▶ [What the exercise asks]
Output each line from the one that contains "#98=AXIS2_PLACEMENT_3D('',#95,#96,#97);" to the final line of the data below, exactly, and include nothing else.

--- Dataset records Enclosed Below ---

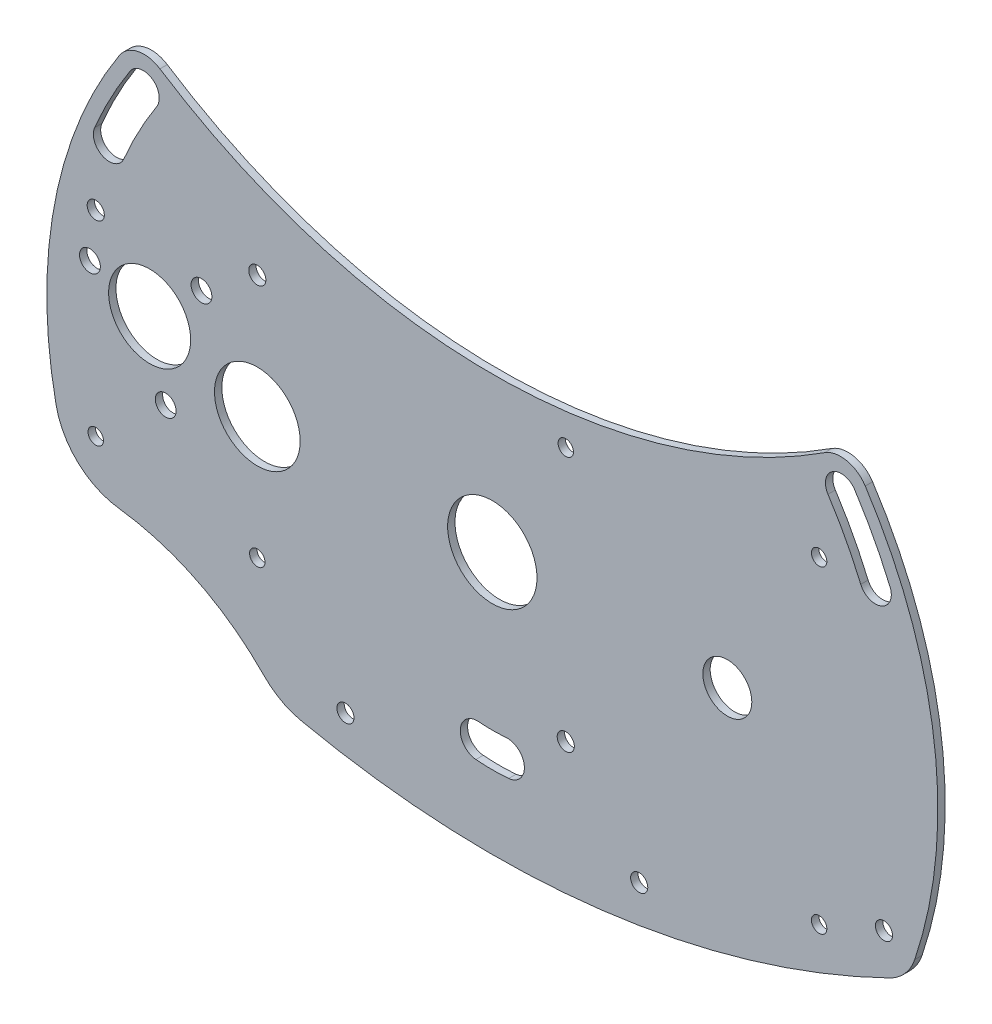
ISO-10303-21;
HEADER;
FILE_DESCRIPTION(('STEP AP214'),'2;1');
FILE_NAME('part.step','',(''),(''),'','','');
FILE_SCHEMA(('AUTOMOTIVE_DESIGN { 1 0 10303 214 1 1 1 1 }'));
ENDSEC;
DATA;
#1=APPLICATION_CONTEXT('core data for automotive mechanical design processes');
#2=APPLICATION_PROTOCOL_DEFINITION('international standard','automotive_design',2000,#1);
#3=PRODUCT_CONTEXT('',#1,'mechanical');
#4=PRODUCT('Part','Part','',(#3));
#5=PRODUCT_RELATED_PRODUCT_CATEGORY('part','',(#4));
#6=PRODUCT_DEFINITION_FORMATION('','',#4);
#7=PRODUCT_DEFINITION_CONTEXT('part definition',#1,'design');
#8=PRODUCT_DEFINITION('design','',#6,#7);
#9=PRODUCT_DEFINITION_SHAPE('','',#8);
#10=(LENGTH_UNIT() NAMED_UNIT(*) SI_UNIT(.MILLI.,.METRE.));
#11=(NAMED_UNIT(*) PLANE_ANGLE_UNIT() SI_UNIT($,.RADIAN.));
#12=(NAMED_UNIT(*) SI_UNIT($,.STERADIAN.) SOLID_ANGLE_UNIT());
#13=UNCERTAINTY_MEASURE_WITH_UNIT(LENGTH_MEASURE(1.E-05),#10,'distance_accuracy_value','');
#14=(GEOMETRIC_REPRESENTATION_CONTEXT(3) GLOBAL_UNCERTAINTY_ASSIGNED_CONTEXT((#13)) GLOBAL_UNIT_ASSIGNED_CONTEXT((#10,
#11,#12)) REPRESENTATION_CONTEXT('',''));
#15=CARTESIAN_POINT('',(0.,0.,0.));
#16=DIRECTION('',(0.,0.,1.));
#17=DIRECTION('',(1.,0.,0.));
#18=AXIS2_PLACEMENT_3D('',#15,#16,#17);
#19=CARTESIAN_POINT('',(71.1493499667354,-109.994408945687,3.));
#20=DIRECTION('',(0.,0.,1.));
#21=DIRECTION('',(1.,0.,0.));
#22=AXIS2_PLACEMENT_3D('',#19,#20,#21);
#23=PLANE('',#22);
#24=CARTESIAN_POINT('',(-60.,-399.892840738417,3.));
#25=DIRECTION('',(0.,0.,1.));
#26=DIRECTION('',(1.,0.,0.));
#27=AXIS2_PLACEMENT_3D('',#24,#25,#26);
#28=CIRCLE('',#27,3.50000000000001);
#29=CARTESIAN_POINT('',(-56.5,-399.892840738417,3.));
#30=VERTEX_POINT('',#29);
#31=EDGE_CURVE('E884',#30,#30,#28,.T.);
#32=ORIENTED_EDGE('',*,*,#31,.F.);
#33=EDGE_LOOP('',(#32));
#34=FACE_BOUND('',#33,.T.);
#35=CARTESIAN_POINT('',(59.9999999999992,-399.892840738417,3.));
#36=DIRECTION('',(0.,0.,1.));
#37=DIRECTION('',(1.,0.,0.));
#38=AXIS2_PLACEMENT_3D('',#35,#36,#37);
#39=CIRCLE('',#38,3.5);
#40=CARTESIAN_POINT('',(63.4999999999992,-399.892840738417,3.));
#41=VERTEX_POINT('',#40);
#42=EDGE_CURVE('E886',#41,#41,#39,.T.);
#43=ORIENTED_EDGE('',*,*,#42,.F.);
#44=EDGE_LOOP('',(#43));
#45=FACE_BOUND('',#44,.T.);
#46=CARTESIAN_POINT('',(159.999999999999,-366.899037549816,3.));
#47=DIRECTION('',(0.,0.,1.));
#48=DIRECTION('',(1.,0.,0.));
#49=AXIS2_PLACEMENT_3D('',#46,#47,#48);
#50=CIRCLE('',#49,3.50000000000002);
#51=CARTESIAN_POINT('',(163.499999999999,-366.899037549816,3.));
#52=VERTEX_POINT('',#51);
#53=EDGE_CURVE('E894',#52,#52,#50,.T.);
#54=ORIENTED_EDGE('',*,*,#53,.F.);
#55=EDGE_LOOP('',(#54));
#56=FACE_BOUND('',#55,.T.);
#57=CARTESIAN_POINT('',(6.10090199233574,-382.733628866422,3.));
#58=DIRECTION('',(0.,0.,1.));
#59=DIRECTION('',(-1.,0.,0.));
#60=AXIS2_PLACEMENT_3D('',#57,#58,#59);
#61=CIRCLE('',#60,7.00000000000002);
#62=CARTESIAN_POINT('',(6.71099219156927,-389.706991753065,3.));
#63=VERTEX_POINT('',#62);
#64=CARTESIAN_POINT('',(5.49081179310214,-375.76026597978,3.));
#65=VERTEX_POINT('',#64);
#66=EDGE_CURVE('E45',#63,#65,#61,.T.);
#67=ORIENTED_EDGE('',*,*,#66,.F.);
#68=CARTESIAN_POINT('',(0.,-313.,3.));
#69=DIRECTION('',(0.,0.,1.));
#70=DIRECTION('',(1.,0.,0.));
#71=AXIS2_PLACEMENT_3D('',#68,#69,#70);
#72=CIRCLE('',#71,77.);
#73=CARTESIAN_POINT('',(-6.71099219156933,-389.706991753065,3.));
#74=VERTEX_POINT('',#73);
#75=EDGE_CURVE('E196',#74,#63,#72,.T.);
#76=ORIENTED_EDGE('',*,*,#75,.F.);
#77=CARTESIAN_POINT('',(-6.10090199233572,-382.733628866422,3.));
#78=DIRECTION('',(0.,0.,1.));
#79=DIRECTION('',(1.,0.,0.));
#80=AXIS2_PLACEMENT_3D('',#77,#78,#79);
#81=CIRCLE('',#80,7.00000000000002);
#82=CARTESIAN_POINT('',(-5.49081179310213,-375.76026597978,3.));
#83=VERTEX_POINT('',#82);
#84=EDGE_CURVE('E181',#83,#74,#81,.T.);
#85=ORIENTED_EDGE('',*,*,#84,.F.);
#86=CARTESIAN_POINT('',(0.,-313.,3.));
#87=DIRECTION('',(0.,0.,-1.));
#88=DIRECTION('',(1.,0.,0.));
#89=AXIS2_PLACEMENT_3D('',#86,#87,#88);
#90=CIRCLE('',#89,63.);
#91=EDGE_CURVE('E190',#65,#83,#90,.T.);
#92=ORIENTED_EDGE('',*,*,#91,.F.);
#93=EDGE_LOOP('',(#67,#76,#85,#92));
#94=FACE_BOUND('',#93,.T.);
#95=CARTESIAN_POINT('',(0.,-313.,3.));
#96=DIRECTION('',(0.,0.,1.));
#97=DIRECTION('',(1.,0.,0.));
#98=AXIS2_PLACEMENT_3D('',#95,#96,#97);
#99=CIRCLE('',#98,176.5);
#100=CARTESIAN_POINT('',(162.469106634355,-244.035955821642,3.));
#101=VERTEX_POINT('',#100);
#102=CARTESIAN_POINT('',(148.025355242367,-216.871210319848,3.));
#103=VERTEX_POINT('',#102);
#104=EDGE_CURVE('E212',#101,#103,#99,.T.);
#105=ORIENTED_EDGE('',*,*,#104,.F.);
#106=CARTESIAN_POINT('',(156.485825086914,-246.575708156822,3.));
#107=DIRECTION('',(0.,0.,1.));
#108=DIRECTION('',(-1.,0.,0.));
#109=AXIS2_PLACEMENT_3D('',#106,#107,#108);
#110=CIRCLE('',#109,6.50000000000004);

--- End of Enclosed Dataset records ---

▶ [Reply to the task]
#98=AXIS2_PLACEMENT_3D('',#95,#96,#97);
#99=CIRCLE('',#98,176.5);
#100=CARTESIAN_POINT('',(162.469106634355,-244.035955821642,3.));
#101=VERTEX_POINT('',#100);
#102=CARTESIAN_POINT('',(148.025355242367,-216.871210319848,3.));
#103=VERTEX_POINT('',#102);
#104=EDGE_CURVE('E212',#101,#103,#99,.T.);
#105=ORIENTED_EDGE('',*,*,#104,.F.);
#106=CARTESIAN_POINT('',(156.485825086914,-246.575708156822,3.));
#107=DIRECTION('',(0.,0.,1.));
#108=DIRECTION('',(-1.,0.,0.));
#109=AXIS2_PLACEMENT_3D('',#106,#107,#108);
#110=CIRCLE('',#109,6.50000000000004);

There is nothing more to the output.